Sometime before the end of 1861, the men of a small New York hamlet gathered inside the village schoolhouse and voted 85 to 40 to sever ties with the United States. Seven Southern states had already seceded from the Union, but few could have imagined that this community 250 miles north of the Mason-Dixon Line would also choose to leave the United States in one of the quirkiest episodes of the Civil War.

Although Town Line seceded from the Union, it never sought admission into the Confederate States of America, and Karen Muchow, archivist of the Alden Historical Society, says there is no documentary evidence that any of Town Line’s young men fought with the South in the Civil War.

Historians’ best theory rests on Town Line’s Civil War demographics. Many of its citizens at the time were poor farmers who had fled the violence and revolutionary unrest of Germany in the late 1840s. The war-weary refugees feared a prolonged Civil War could result in a draft that would force them onto the battlefields of their adopted homeland. “They wanted to be left alone to farm. They didn’t want the government interfering, and they certainly didn’t want to send their kids off to war and not have a choice about it,” Wang says. “These farmers got together in late 1861 understanding conscription is a real possibility and that people can vote to leave the Union, so they went ahead and did it.”
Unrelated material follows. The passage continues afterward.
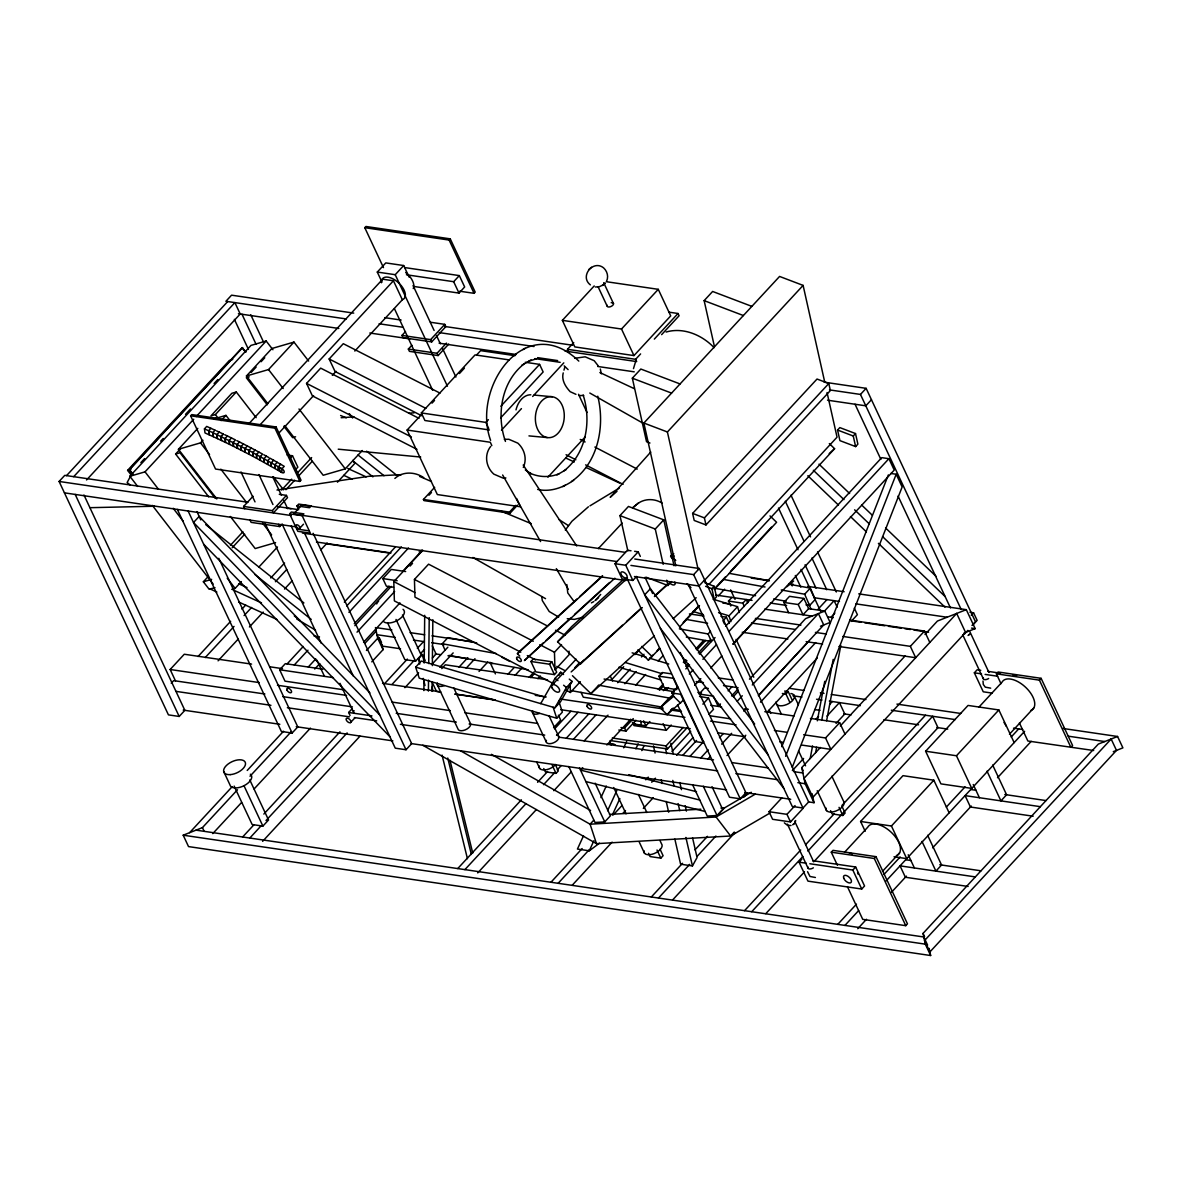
<?xml version="1.0" encoding="UTF-8"?>
<svg xmlns="http://www.w3.org/2000/svg" width="1182" height="1182" viewBox="0 0 1182 1182"><rect width="100%" height="100%" fill="white"/><g stroke="black" fill="none" stroke-linecap="round" stroke-linejoin="round"><path stroke-width="1.5" d="M258.873 452.071L256.583 454.494L256.583 458.291L278.243 470.421L278.479 466.742L280.755 464.319L284.227 466.343L281.966 468.781A2.94 1.551 42.8 0 0 279.676 470.288A2.94 1.551 42.8 0 0 283.828 472.741A2.94 1.551 42.8 0 0 281.981 468.796L248.974 450.445L212.819 432.642L213.277 436.675L225.511 442.423L225.141 438.433L227.432 435.995L235.484 439.94L233.223 442.393L233.475 446.323L249.047 454.287L248.944 450.431L251.234 447.993L262.611 454.095L260.335 456.548L260.291 460.315L260.335 456.548M423.865 690.598L423.983 679.576M424.175 663.043L424.707 615.29M428.401 691.13L428.534 680.108M428.711 663.575L429.229 617.654M432.051 691.367L432.154 682.191M432.331 665.658L432.848 619.737M264.059 458.586L263.985 462.354L264.074 458.601L266.334 456.149L268.772 457.508M267.723 460.625L267.62 464.363L267.753 460.64L270.013 458.202L280.74 464.304M271.358 462.679L271.21 466.388L271.372 462.679L273.633 460.241M274.933 464.718L274.756 468.412L274.948 464.718L277.223 462.28M278.494 466.757L278.228 470.421L281.7 472.431L281.966 468.781M563.223 372.906C561.347 380.057 565.469 386.662 570.182 391.685L575.944 394.33M566.843 584.529L567.759 592.921L573.433 600.633M983.01 681.024L983.276 684.422L985.271 687.141L990.693 688.16M810.202 758.475L812.566 745.916M817.309 720.813L824.741 681.349M815.624 752.609L816.644 747.231M821.712 720.34L833.207 659.364M826.617 720.754L840.816 645.431M523.301 467.451C527.216 458.971 524.616 449.337 517.849 443.161L508.821 439.276L504.33 439.364M563.977 370.143L564.73 367.38M606.588 281.213C608.73 276.544 607.297 271.254 603.588 267.856C592.98 259.375 579.357 276.558 590.379 284.892M795.205 822.303L795.693 820.515M633.478 368.621L635.694 361.278M781.79 746.699L888.347 474.913M785.616 756.288L896.192 474.248L890.814 473.465M792.25 767.31L902.147 486.969L896.192 474.248M583.509 835.792L577.437 849.06L589.271 850.804L599.466 843.209M600.944 797.628L606.263 786.015M623.697 747.837L626.726 741.203M589.271 850.804L593.866 840.771M607.607 810.675L616.782 790.61M635.886 748.812L638.177 743.788M612.32 815.092L619.87 798.559M641.796 750.6L644.057 745.635M130.862 475.533L127.139 482.552L130.02 484.856M674.848 839.102L680.61 864.205L692.445 865.948L697.07 857.526L692.563 837.89M540.706 703.615L555.097 678.32L560.741 672.203L563.578 674.508M558.953 675.365L560.741 672.203M544.695 697.025L421.309 661.048L415.65 667.15L554.934 707.767L566.444 687.525L572.103 681.423L569.266 679.118M572.103 681.423L560.593 701.65L554.934 707.767M490.678 446.427C483.94 454.804 485.935 467.215 493.854 474.145L502.882 478.016L505.881 477.956M595.698 600.028L600.692 594.443M565.306 530.083L571.925 521.262L588.414 506.783M83.966 494.992L184.85 710.338L179.191 716.455L168.435 714.874L59.1 481.458L64.759 475.356L247.925 502.247M66.547 475.622L227.698 301.543M73.712 476.671L234.878 302.592L240.212 313.984L86.552 479.966M131.483 475.386L127.612 470.392L229.397 360.451L232.721 359.491M246.033 351.926L242.103 347.715L129.001 469.86L132.384 474.233M242.65 347.552L129.562 469.697L132.945 474.085M140.865 462.62L144.588 458.601M160.722 441.167L163.205 438.492M185.544 414.35L190.509 408.987M214.105 383.515L217.828 379.496M137.718 486.467L129.843 476.272L250.983 345.41L266.172 340.992L272.924 349.739M190.612 415.798L191.75 414.587L276.086 426.968L301.026 480.217L299.903 481.429L215.552 469.047L190.612 415.798L274.963 428.18L276.086 426.968M383.485 267.62L364.78 227.683L365.903 226.471L450.253 238.853L475.194 292.102L474.056 293.313L459.709 291.215M129.843 476.272L145.031 471.854L193.73 419.241M196.227 416.537L266.172 340.992M216.808 498.937L178.423 449.293L197.808 428.357M267.871 403.727L246.432 375.994L271.875 348.513L293.963 342.086L308.635 361.057M208.726 496.868L175.616 454.051L180.536 448.732M251.219 372.389L256.139 367.07M261.059 361.751L264.753 357.762M236.297 391.996L231.879 393.281L210.957 415.872L215.375 414.587L236.297 391.996L256.154 417.674M210.898 428.298L208.623 430.736L209.184 434.813L205.003 432.952L204.442 428.874L206.702 426.421L215.05 430.189M178.423 449.293L200.512 442.866L202.935 440.251M221.108 420.615L225.954 415.384L230.46 421.22M246.432 375.994L268.521 369.567L293.963 342.086M204.442 428.874L208.623 430.736L209.155 434.799L213.307 436.69L212.79 432.627L215.08 430.204M216.941 434.548L217.399 438.581L216.971 434.562L219.231 432.11L223.324 434.045L221.078 436.498L221.448 440.487L221.064 436.483L223.324 434.045M381.963 282.055L377.294 272.067L385.775 262.906L403.697 265.536L409.149 277.179M233.223 442.393L233.504 446.323L229.5 444.358L229.219 440.413L231.48 437.975M248.944 423.658L382.687 279.203L393.443 280.769L402.338 299.755L354.836 351.054M237.213 444.388L237.449 448.303L237.227 444.388L239.488 441.95L251.219 447.993M377.294 272.067L395.216 274.697L403.697 265.536M259.7 425.239L393.443 280.769M241.158 446.382L241.35 450.283L241.187 446.397L243.448 443.959M245.073 448.406L245.221 452.278L245.102 448.421L247.363 445.969M416.965 449.323L312.403 395.896L306.552 383.396L320.677 368.134L418.989 418.354M421.619 415.709L335.023 371.458L329.157 358.973L343.297 343.696L439.97 393.089M364.78 227.683L449.116 240.064L450.253 238.853M256.583 454.494L256.597 458.306L252.83 456.282L252.815 452.47L255.076 450.032M278.583 433.41L313.585 395.615M332.334 375.359L336.087 371.311M244.689 508.703L243.625 506.428L253.051 496.248M430.425 322.243L444.772 324.356L445.836 326.631L431.696 341.894L403.018 337.683L401.954 335.407L405.485 331.595M290.255 458.217L292.515 455.779L297.849 467.156L295.589 469.609M406.445 274.771L453.666 281.7L459.325 275.598L464.659 286.975L459 293.092L413.597 286.428M448.702 344.11L438.108 355.56L409.415 351.35L408.351 349.074L411.883 345.262M230.446 545.286L242.931 531.797M281.656 489.969L291.659 479.168M296.652 473.775L311.634 457.582M232.219 547.739L244.704 534.234M285.926 489.703L294.673 480.261M298.425 476.213L312.166 461.379M214.947 587.587L209.155 589.271L203.363 581.78L208.342 576.402M272.303 510.639L286.443 495.376L287.507 497.652L273.382 512.914L272.303 510.639L243.625 506.428M401.954 335.407L430.632 339.618L444.772 324.356M408.351 349.074L437.03 353.285L446.456 343.105M289.62 513.845L291.319 512.013L303.863 513.86L302.164 515.692L289.62 513.845L297.79 531.309L310.349 533.141L302.164 515.692M296.963 505.911L298.662 504.079L311.221 505.911L309.521 507.743L296.963 505.911L298.396 508.94M250.023 520.095L251.101 522.37L279.779 526.581L282.129 524.04M284.818 425.638L323.188 475.267L345.277 468.84L362.239 450.519M231.746 589.345L235.115 588.37L241.364 581.618M258.74 567.212L277.475 546.971M337.446 482.197L354.925 463.314L352.679 460.389M299.785 528.206L303.493 524.202M175.483 680.891L170.149 669.5L184.274 654.237L251.574 664.107M489.422 429.982L424.899 420.511L421.339 412.932L475.061 354.895L509.117 359.904M171.257 683.24L173.68 680.625L264.871 694.011M516.637 498.508L520.508 506.783L437.34 494.564L407.11 430.041L422.063 413.892M432.036 403.136L434.518 400.447M459.443 373.527L464.423 368.134M476.878 354.689L480.616 350.64L514.983 355.693M198.044 656.512L230.653 621.304M241.926 609.114L245.693 605.051M270.767 577.954L284.567 563.06M205.21 657.561L234.051 626.416M244.083 615.586L251.603 607.459M275.436 581.721L286.709 569.532M218.079 660.827L238.129 639.152M249.417 626.962L263.217 612.069M284.522 589.05L292.043 580.923M320.883 549.763L327.163 542.996M606.292 281.7L658.271 289.324L670.711 315.889L633.966 355.59L574.807 346.917L562.366 320.352L594.221 285.941M421.339 412.932L485.876 422.402L488.373 419.699M500.858 406.209L539.583 364.381L543.144 371.961L500.666 417.852M517.494 505.142L510.018 513.239L423.969 500.607L423.437 499.469L434.666 487.339M428.963 495.214L431.46 492.525M568.572 351.586L567.493 349.311L573.728 342.573M344.139 689.845L284.995 681.157L279.661 669.766L285.32 663.663L322.952 669.189M501.493 430.145L521.439 408.617M532.654 396.502L563.799 362.859M287.108 663.929L303.272 646.465M344.331 602.111L395.335 547.03M346.74 605.923L401.348 546.926M294.274 664.978L307.955 650.203M348.941 612.335L408.514 547.975M393.547 587.232L386.381 586.183L382.82 578.589L391.301 569.428L405.648 571.541M308.31 666.958L315.786 658.891M562.366 320.352L621.51 329.024L658.271 289.324M354.275 623.727L389.026 586.183M402.678 571.438L422.55 549.985M554.092 683.979L394.374 600.899L393.798 581.588L422.432 550.664M314.737 669.027L319.761 663.604M354.866 625.692L391.227 586.405M410.036 566.089L412.533 563.386M357.023 632.163L394.625 591.532M520.789 652.183L414.971 597.132L414.439 579.431L428.578 564.169L547.429 625.987M363.598 642.195L399.959 602.909M189.608 832.675L232.189 786.68M247.215 770.457L283.532 731.23M364.942 643.303L376.216 631.129M567.493 349.311L635.62 359.313L640.6 353.92M654.326 339.101L678.025 313.496L679.089 315.771L661.625 334.639M929.126 948.378L930.648 955.529L188.529 846.593L183.195 835.201L202.432 827.622L237.493 789.753M250.008 776.234L291.333 731.599M366.45 650.455L377.723 638.28L375.448 627.539M177.359 509.427L281.36 731.451L292.117 733.032L297.775 726.915L218.803 558.318M649.952 443.028L646.539 441.728L632.34 378.196L640.821 369.035L680.049 383.943M714.416 346.518L704.147 300.627L712.628 291.466L751.855 306.374M423.437 499.469L509.472 512.102L515.721 505.364M212.775 833.606L241.571 802.489M254.1 788.97L310.438 728.112M371.783 661.846L383.057 649.672L381.919 644.293M547.916 477.173L585.297 436.793M350.079 715.509L348.66 712.48L352.295 708.55M242.62 836.989L253.864 824.859M263.837 814.073L339.958 731.85M384.889 683.329L407.347 659.068M417.335 648.283L423.57 641.545M350.507 722.601A2.94 1.551 42.8 0 0 348.66 718.656A2.94 1.551 42.8 0 0 346.356 720.163A2.94 1.551 42.8 0 0 350.507 722.601L355.028 717.71M249.801 838.053L261.03 825.908M266.024 820.53L347.139 732.914M392.055 684.378L414.527 660.117M420.762 653.38L424.501 649.332M234.154 786.104L252.15 824.519L262.892 826.1L268.55 819.983L249.786 779.913M387.607 622.87L404.82 659.6L415.576 661.181L421.22 655.079L402.456 614.995M419.758 664.092L418.458 658.729L422.388 654.488L425.225 660.561M675.808 565.883L643.865 423.038L779.573 276.44L803.11 285.394L824.667 381.816M445.067 650.203L442.245 643.747L447.889 637.63L476.701 642.875M262.611 841.348L359.949 736.209M404.879 687.688L418.605 672.853M432.331 658.034L436.084 653.986L432.272 645.845M432.08 664.225L447.845 647.204M439.837 667.283L453.164 652.892M441.773 668.613L445.304 664.801L547.547 679.813M698.148 569.473L667.402 431.977L803.11 285.394M459.03 667.136L467.806 657.65M466.196 668.185L474.972 658.699M627.864 550.901L619.974 515.603L628.455 506.443L663.752 519.858L674.021 565.75M291.26 526.138L395.261 748.162L406.017 749.743L411.676 743.641L313.141 533.304M479.05 671.45L487.826 661.964M519.755 656.01L517.406 653.735L520.243 650.691L576.934 599.052M507.905 674.301L514.17 667.534M636.596 576.417L632.858 580.451L622.101 578.87L614.995 563.696L627.435 550.251L631.025 550.782M515.071 675.365L521.351 668.584M530.94 661.492L533.2 659.054L551.817 661.787L556.678 672.159L554.417 674.612L535.801 671.878L530.94 661.492L549.556 664.225L551.817 661.787M663.176 564.316L655.271 529.019L663.752 519.858M614.995 563.696L625.751 565.277L638.191 551.831L640.319 556.397M642.314 607.607L580.406 663.988L557.579 641.811L571.719 626.549L622.84 579.978M529.181 677.271L534.205 671.849M530.733 677.655L534.486 673.592M569.015 651.149L569.118 654.695L554.993 669.958L554.461 652.272L561.524 644.633M537.899 678.704L540.41 676.001M692.622 513.402L817.028 379.038L828.804 383.515L830.37 390.562L705.979 524.941L694.203 520.464L692.622 513.402L704.398 517.879L705.979 524.941M704.398 517.879L828.804 383.515M552.349 684.866L576.136 659.187M671.273 556.427L673.77 553.723M671.745 558.362L674.006 555.909L670.549 556.914M574.792 667.771L579.771 662.393M580.406 663.988L583.938 660.162M646.052 577.2L667.904 585.504L671.539 581.574M565.498 689.904L570.389 692.46L580.347 681.689M415.65 667.15L419.241 678.158L556.722 718.242L562.381 712.125L558.79 701.133M630.922 565.41L693.657 574.615L699.316 568.512L808.651 801.913L814.029 802.711L812.137 793.757M829.468 389.883L860.466 394.433L866.125 388.331L975.46 621.732L972.077 625.396M553.604 727.728L560.667 720.089L558.392 715.213M554.594 728.851L570.891 711.239M572.443 675.705L590.897 693.612L598.358 685.545M837.565 430.041L839.826 427.603L855.517 433.558L857.881 444.151L855.62 446.589L839.929 440.635L837.565 430.041L853.256 436.01L855.62 446.589M556.752 735.322L578.072 712.303M611.242 680.197L623.697 666.737M634.911 654.621L638.649 650.588M704.649 579.889L698.99 586.006L634.468 576.52M871.459 399.708L865.8 405.825L827.518 400.196M703.837 581.071L837.048 437.163L827.06 392.527M566.252 738.248L588.828 713.869M617.654 682.723L630.198 669.189M641.486 657L643.983 654.281M708.831 584.514L834.581 448.687L829.321 443.575M714.15 586.257L716.514 596.851L714.253 599.289L711.889 588.695L714.15 586.257L704.738 582.682M853.256 436.01L855.517 433.558M573.418 739.311L595.994 714.933M624.835 683.772L636.108 671.583M637.822 649.923L648.357 660.147L653.336 654.769M657.074 650.75L659.556 648.061M683.196 622.53L698.119 606.396M714.297 588.932L725.482 576.846M730.461 571.467L771.521 527.128M648.357 660.147L659.659 648.593M679.561 627.095L699.463 605.598M714.401 589.478L776.589 522.281L770.014 515.899M457.73 868.578L521.38 799.83M537.603 782.307L547.576 771.521M464.895 869.627L526.049 803.583M543.528 784.7L554.757 772.57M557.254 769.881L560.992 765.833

Then there is a possibility that the entire episode could have been a lark. An article in the February 11, 1861, edition of the Buffalo Commercial reported that Town Liners planned a vote for March 4, the date of Lincoln’s swearing-in, to form their own independent republic with their own president, cabinet members and foreign ministers. The following day, the Buffalo Courier reported the planned vote was a “very large” joke.

No matter the motive, the resolution carried no legal weight as Town Line was an unincorporated entity that straddled the towns of Alden and Lancaster. For decades to come, residents continued to pay taxes and ship their boys off to war. In fact, Wang says, Town Line, Alden and Lancaster all met their conscription goals during the Civil War.

The entire episode seemed to have been forgotten until a Buffalo newspaper reporter salvaged the story from the dustbin of history in 1945. Surprising to some, Town Line’s rebellious streak stubbornly persisted more than eight decades later. When a preliminary ballot was taken to rejoin the Union, 29 of the 30 voters opposed a reunion.

Town Line now had its own civil war, but residents agreed to consult a higher power—President Harry Truman. “Town Line still is outside the Union and is in turmoil over factional differences,” a group of citizens wrote to the president. “Both sides have agreed to abide by your decision.” In response, Truman seemed to imply that a blood sacrifice was in order. “I would suggest the possibilities of roast veal as a vehicle of peace,” the president wrote. “Why don’t you run down the fattest calf in Erie County, barbecue it and serve it with fixin’s in the old blacksmith shop where the ruckus started?”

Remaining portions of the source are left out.